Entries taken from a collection
::::::::::

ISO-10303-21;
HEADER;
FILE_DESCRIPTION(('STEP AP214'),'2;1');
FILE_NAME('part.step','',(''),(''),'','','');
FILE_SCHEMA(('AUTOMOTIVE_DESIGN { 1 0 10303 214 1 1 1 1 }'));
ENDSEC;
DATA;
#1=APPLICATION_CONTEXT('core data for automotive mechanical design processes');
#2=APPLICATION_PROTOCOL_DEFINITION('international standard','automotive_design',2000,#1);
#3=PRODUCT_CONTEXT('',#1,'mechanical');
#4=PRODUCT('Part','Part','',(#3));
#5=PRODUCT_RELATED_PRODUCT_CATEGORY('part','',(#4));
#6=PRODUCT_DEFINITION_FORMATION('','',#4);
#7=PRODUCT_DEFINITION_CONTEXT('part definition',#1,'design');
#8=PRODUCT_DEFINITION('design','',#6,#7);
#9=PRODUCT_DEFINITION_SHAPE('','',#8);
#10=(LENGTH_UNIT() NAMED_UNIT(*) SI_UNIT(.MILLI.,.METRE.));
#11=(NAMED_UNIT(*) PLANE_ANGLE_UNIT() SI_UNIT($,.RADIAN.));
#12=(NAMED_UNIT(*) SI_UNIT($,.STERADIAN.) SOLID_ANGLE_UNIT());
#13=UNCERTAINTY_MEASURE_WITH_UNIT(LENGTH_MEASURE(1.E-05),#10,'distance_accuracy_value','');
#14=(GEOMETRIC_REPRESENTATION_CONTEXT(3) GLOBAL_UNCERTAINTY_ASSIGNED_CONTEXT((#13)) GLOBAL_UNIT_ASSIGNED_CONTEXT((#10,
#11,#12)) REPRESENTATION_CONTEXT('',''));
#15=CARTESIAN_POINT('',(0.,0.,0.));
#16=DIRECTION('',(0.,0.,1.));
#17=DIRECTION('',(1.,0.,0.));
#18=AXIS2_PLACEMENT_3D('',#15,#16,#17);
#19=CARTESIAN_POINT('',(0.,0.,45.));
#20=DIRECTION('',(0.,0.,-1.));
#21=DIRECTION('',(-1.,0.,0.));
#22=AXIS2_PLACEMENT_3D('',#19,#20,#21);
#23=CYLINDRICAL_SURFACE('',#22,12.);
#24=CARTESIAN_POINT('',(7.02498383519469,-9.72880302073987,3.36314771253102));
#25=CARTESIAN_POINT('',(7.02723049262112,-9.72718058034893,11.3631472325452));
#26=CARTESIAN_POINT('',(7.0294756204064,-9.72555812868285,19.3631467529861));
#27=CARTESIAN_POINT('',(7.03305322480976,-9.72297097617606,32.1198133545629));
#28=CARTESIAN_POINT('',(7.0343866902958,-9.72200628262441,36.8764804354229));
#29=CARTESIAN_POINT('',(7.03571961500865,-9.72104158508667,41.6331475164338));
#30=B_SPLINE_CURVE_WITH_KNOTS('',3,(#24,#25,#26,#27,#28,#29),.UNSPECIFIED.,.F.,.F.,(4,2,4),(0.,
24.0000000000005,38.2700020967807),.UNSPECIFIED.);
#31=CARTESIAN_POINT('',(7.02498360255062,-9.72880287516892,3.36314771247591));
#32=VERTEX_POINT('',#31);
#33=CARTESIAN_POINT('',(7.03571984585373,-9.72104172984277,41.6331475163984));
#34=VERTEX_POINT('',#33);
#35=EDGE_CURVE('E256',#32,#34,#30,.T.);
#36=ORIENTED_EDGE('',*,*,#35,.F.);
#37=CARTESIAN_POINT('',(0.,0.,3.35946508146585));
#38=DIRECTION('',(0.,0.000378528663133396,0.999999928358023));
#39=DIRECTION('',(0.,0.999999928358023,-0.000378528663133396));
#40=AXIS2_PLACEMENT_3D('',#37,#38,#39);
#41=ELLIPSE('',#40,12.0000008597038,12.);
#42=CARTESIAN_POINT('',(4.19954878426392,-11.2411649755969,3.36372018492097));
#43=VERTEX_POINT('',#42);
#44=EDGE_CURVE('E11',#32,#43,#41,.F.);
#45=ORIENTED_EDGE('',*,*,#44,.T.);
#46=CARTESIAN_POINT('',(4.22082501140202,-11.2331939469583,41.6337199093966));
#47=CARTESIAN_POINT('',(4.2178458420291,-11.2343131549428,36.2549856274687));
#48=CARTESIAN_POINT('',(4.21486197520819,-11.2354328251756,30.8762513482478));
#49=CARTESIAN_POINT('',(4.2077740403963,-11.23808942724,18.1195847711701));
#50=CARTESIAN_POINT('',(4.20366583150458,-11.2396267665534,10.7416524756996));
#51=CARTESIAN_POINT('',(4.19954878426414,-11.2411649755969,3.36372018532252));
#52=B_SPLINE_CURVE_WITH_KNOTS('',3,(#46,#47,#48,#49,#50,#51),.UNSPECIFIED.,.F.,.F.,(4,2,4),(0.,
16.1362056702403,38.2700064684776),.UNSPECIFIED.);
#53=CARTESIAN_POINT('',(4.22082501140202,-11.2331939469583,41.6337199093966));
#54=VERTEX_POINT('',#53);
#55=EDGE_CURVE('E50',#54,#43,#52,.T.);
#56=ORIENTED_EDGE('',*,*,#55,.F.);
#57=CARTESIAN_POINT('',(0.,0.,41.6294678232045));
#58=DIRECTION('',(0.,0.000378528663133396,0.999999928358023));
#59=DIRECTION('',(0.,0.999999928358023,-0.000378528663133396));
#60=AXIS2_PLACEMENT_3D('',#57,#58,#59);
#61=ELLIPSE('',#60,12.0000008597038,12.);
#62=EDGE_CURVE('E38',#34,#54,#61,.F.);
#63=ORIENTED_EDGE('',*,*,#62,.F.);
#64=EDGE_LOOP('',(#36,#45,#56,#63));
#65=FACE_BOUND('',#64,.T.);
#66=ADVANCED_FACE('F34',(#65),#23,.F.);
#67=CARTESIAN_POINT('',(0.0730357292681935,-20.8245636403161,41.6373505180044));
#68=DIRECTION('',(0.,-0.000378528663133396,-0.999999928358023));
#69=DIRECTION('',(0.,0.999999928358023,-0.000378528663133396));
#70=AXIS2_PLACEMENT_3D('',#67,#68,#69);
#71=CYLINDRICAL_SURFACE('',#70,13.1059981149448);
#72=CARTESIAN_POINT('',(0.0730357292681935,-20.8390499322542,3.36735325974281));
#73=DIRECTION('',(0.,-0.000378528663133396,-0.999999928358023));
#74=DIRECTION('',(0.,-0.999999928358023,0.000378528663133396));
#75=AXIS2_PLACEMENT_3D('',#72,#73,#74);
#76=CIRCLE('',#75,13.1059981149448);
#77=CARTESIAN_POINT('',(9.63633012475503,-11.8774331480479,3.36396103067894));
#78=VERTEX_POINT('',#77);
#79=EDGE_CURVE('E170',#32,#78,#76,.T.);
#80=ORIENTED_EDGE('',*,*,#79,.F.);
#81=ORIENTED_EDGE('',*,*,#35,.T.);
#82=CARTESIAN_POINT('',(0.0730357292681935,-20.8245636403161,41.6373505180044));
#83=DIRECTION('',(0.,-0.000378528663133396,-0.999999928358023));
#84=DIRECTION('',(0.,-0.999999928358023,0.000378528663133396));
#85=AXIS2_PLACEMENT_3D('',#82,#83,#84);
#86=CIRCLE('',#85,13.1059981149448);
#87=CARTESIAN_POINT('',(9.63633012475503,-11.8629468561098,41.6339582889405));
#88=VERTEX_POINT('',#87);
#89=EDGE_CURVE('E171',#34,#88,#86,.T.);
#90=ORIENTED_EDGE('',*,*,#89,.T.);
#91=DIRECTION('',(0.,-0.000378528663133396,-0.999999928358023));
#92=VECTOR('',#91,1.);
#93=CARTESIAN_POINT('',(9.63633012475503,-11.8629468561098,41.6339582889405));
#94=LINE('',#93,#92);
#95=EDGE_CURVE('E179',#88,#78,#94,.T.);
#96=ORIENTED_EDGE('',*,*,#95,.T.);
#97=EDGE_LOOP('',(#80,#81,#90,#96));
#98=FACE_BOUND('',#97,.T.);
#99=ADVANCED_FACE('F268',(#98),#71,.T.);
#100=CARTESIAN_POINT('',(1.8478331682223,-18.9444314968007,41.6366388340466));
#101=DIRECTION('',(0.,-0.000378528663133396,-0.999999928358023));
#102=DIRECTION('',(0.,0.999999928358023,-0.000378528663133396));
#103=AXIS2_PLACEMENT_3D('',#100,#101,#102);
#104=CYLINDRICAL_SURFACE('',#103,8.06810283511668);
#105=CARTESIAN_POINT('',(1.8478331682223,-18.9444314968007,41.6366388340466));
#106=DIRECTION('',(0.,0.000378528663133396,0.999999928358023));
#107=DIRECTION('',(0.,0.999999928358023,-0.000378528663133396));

::::::::::

Give back, unchanged, every line from the one with "#95=EDGE_CURVE('E179',#88,#78,#94,.T.);" to the end of the entries above.

WRITTEN ANSWER:
#95=EDGE_CURVE('E179',#88,#78,#94,.T.);
#96=ORIENTED_EDGE('',*,*,#95,.T.);
#97=EDGE_LOOP('',(#80,#81,#90,#96));
#98=FACE_BOUND('',#97,.T.);
#99=ADVANCED_FACE('F268',(#98),#71,.T.);
#100=CARTESIAN_POINT('',(1.8478331682223,-18.9444314968007,41.6366388340466));
#101=DIRECTION('',(0.,-0.000378528663133396,-0.999999928358023));
#102=DIRECTION('',(0.,0.999999928358023,-0.000378528663133396));
#103=AXIS2_PLACEMENT_3D('',#100,#101,#102);
#104=CYLINDRICAL_SURFACE('',#103,8.06810283511668);
#105=CARTESIAN_POINT('',(1.8478331682223,-18.9444314968007,41.6366388340466));
#106=DIRECTION('',(0.,0.000378528663133396,0.999999928358023));
#107=DIRECTION('',(0.,0.999999928358023,-0.000378528663133396));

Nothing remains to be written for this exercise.